═════ Input ═════

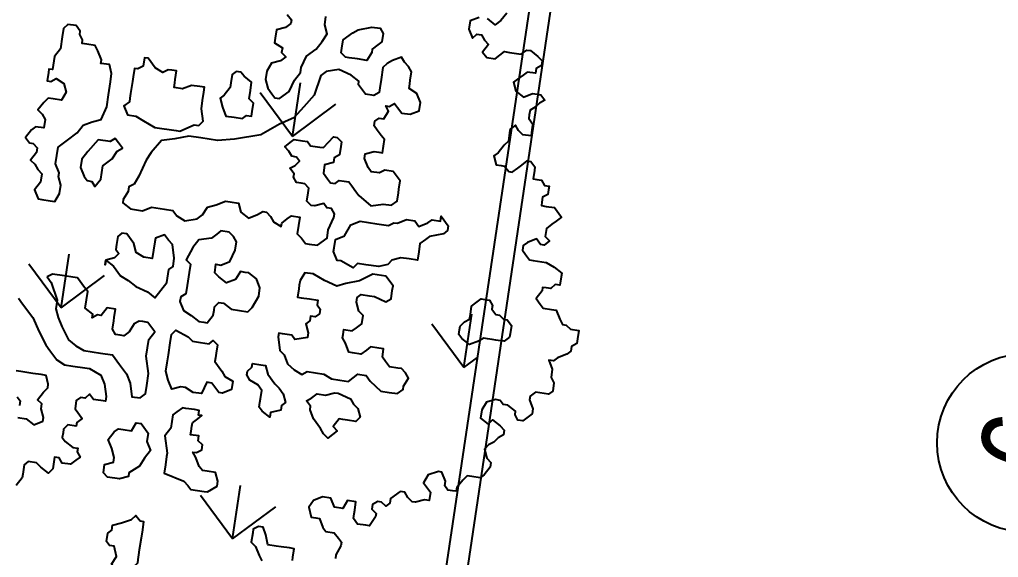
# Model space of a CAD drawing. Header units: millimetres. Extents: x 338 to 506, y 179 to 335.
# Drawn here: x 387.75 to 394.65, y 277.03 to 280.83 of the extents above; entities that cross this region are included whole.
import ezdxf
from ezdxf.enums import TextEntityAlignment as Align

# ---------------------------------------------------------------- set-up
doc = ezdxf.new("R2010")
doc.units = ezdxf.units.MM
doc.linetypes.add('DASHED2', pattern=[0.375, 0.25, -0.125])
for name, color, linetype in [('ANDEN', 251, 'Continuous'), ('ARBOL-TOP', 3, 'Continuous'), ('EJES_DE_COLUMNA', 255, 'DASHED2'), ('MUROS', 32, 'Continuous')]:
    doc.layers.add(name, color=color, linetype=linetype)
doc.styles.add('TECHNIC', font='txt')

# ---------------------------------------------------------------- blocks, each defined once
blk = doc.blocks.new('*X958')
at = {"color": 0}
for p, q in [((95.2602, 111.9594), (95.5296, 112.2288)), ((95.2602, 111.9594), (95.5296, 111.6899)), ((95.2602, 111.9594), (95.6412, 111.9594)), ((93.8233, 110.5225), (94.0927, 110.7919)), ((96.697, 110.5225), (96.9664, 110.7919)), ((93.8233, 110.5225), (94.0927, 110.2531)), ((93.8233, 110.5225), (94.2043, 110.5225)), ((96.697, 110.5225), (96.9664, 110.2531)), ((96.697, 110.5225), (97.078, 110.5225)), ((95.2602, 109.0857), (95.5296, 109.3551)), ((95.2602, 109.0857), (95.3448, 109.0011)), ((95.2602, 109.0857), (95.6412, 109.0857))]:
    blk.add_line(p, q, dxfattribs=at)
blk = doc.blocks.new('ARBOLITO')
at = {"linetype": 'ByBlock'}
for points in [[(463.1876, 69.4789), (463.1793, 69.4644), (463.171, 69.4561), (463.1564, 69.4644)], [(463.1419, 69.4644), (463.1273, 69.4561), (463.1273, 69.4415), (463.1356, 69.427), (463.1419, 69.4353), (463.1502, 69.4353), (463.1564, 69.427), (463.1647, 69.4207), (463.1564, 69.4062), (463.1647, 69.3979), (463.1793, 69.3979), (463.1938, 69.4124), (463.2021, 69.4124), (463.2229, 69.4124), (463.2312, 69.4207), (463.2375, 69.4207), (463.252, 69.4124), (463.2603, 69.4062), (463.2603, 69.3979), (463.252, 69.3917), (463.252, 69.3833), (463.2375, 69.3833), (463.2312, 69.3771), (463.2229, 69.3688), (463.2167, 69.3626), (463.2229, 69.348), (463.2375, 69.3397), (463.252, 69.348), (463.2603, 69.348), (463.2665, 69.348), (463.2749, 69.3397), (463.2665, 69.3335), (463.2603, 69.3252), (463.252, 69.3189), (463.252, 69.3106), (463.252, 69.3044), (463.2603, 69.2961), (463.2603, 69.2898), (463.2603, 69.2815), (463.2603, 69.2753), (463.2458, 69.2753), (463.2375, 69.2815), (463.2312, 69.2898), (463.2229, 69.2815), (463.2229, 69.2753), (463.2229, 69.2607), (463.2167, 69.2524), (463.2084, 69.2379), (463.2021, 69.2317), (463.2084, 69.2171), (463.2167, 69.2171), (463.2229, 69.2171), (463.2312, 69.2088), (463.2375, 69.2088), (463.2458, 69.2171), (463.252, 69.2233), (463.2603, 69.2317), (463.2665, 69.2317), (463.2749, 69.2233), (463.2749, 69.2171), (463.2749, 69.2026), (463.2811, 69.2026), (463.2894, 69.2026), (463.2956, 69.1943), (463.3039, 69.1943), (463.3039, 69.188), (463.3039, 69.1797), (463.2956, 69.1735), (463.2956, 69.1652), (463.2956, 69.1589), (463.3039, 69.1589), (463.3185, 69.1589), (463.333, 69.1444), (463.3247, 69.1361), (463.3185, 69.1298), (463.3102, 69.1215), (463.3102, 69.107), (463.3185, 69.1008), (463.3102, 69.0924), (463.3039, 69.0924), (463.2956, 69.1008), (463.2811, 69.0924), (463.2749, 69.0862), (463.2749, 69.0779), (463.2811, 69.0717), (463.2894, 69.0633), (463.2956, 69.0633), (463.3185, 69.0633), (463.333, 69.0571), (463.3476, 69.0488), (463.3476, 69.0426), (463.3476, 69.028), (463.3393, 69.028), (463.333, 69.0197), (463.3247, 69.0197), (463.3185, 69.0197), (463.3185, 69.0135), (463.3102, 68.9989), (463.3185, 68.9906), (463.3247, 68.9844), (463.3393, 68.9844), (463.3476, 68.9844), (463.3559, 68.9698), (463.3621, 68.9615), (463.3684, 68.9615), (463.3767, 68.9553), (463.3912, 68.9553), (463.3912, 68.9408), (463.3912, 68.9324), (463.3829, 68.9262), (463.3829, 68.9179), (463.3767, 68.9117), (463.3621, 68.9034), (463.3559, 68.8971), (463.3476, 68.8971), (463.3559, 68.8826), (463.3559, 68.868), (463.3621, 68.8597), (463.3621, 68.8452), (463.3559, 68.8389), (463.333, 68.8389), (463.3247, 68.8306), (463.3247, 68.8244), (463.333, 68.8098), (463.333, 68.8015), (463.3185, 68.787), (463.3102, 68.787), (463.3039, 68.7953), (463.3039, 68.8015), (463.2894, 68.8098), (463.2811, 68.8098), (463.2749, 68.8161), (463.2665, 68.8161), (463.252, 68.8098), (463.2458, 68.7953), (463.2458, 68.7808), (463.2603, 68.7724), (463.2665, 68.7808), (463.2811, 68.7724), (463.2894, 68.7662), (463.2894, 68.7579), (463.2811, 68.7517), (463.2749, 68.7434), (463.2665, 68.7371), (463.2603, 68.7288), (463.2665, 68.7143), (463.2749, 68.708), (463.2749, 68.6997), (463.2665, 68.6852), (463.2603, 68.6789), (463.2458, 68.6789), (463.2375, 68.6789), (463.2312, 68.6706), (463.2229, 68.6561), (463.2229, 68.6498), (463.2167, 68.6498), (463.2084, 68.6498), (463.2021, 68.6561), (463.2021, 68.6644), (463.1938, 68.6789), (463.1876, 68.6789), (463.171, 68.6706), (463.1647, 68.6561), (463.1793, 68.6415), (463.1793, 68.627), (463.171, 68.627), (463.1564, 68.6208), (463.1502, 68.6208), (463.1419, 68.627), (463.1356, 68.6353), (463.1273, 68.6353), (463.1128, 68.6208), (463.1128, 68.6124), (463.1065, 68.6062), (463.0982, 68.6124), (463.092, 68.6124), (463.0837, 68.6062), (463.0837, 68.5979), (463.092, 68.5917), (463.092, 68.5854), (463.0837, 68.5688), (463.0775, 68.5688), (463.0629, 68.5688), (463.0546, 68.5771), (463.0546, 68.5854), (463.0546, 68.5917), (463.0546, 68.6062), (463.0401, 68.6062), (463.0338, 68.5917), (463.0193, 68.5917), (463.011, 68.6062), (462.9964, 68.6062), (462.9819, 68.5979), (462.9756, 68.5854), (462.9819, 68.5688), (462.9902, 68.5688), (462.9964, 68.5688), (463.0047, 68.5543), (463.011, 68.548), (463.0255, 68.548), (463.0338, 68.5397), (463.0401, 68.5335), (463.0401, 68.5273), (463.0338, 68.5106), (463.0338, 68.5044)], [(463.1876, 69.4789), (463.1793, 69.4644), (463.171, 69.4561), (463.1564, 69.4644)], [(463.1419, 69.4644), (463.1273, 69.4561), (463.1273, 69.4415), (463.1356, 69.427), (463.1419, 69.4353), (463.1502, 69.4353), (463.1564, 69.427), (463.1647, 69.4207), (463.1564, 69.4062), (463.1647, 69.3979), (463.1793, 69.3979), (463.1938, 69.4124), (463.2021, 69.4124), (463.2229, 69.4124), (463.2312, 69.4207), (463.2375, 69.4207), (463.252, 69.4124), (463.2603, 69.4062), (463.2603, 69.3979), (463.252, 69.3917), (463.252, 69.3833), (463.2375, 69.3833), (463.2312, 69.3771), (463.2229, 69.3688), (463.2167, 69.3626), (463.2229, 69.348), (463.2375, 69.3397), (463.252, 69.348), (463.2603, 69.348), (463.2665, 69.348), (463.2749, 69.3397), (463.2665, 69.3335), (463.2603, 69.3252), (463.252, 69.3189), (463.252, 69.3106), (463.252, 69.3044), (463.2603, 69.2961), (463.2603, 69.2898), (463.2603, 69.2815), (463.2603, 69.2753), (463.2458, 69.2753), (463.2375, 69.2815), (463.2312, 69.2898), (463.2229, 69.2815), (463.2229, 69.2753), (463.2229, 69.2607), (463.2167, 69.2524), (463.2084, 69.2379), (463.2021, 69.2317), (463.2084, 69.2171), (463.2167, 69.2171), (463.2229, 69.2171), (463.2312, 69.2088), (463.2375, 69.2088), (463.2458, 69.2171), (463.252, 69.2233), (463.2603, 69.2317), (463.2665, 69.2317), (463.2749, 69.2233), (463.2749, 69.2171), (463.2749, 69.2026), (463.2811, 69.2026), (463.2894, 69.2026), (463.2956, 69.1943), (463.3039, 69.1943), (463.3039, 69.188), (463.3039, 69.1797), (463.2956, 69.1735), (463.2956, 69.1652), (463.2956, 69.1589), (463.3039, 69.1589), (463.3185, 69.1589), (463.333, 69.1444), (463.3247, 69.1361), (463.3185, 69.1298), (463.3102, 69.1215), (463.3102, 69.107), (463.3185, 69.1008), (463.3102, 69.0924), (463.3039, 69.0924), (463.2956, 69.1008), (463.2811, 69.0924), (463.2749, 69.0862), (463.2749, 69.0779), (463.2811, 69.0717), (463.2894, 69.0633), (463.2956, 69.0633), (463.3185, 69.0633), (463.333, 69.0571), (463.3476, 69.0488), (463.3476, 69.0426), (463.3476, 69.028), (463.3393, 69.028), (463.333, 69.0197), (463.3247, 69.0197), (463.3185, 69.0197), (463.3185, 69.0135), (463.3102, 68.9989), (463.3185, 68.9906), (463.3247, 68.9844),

═════

_Exercise brief_
Which lines of the records above hold the word "ezdxf"? Copy each one out.

_Completed task_
import ezdxf
from ezdxf.enums import TextEntityAlignment as Align
doc = ezdxf.new("R2010")
doc.units = ezdxf.units.MM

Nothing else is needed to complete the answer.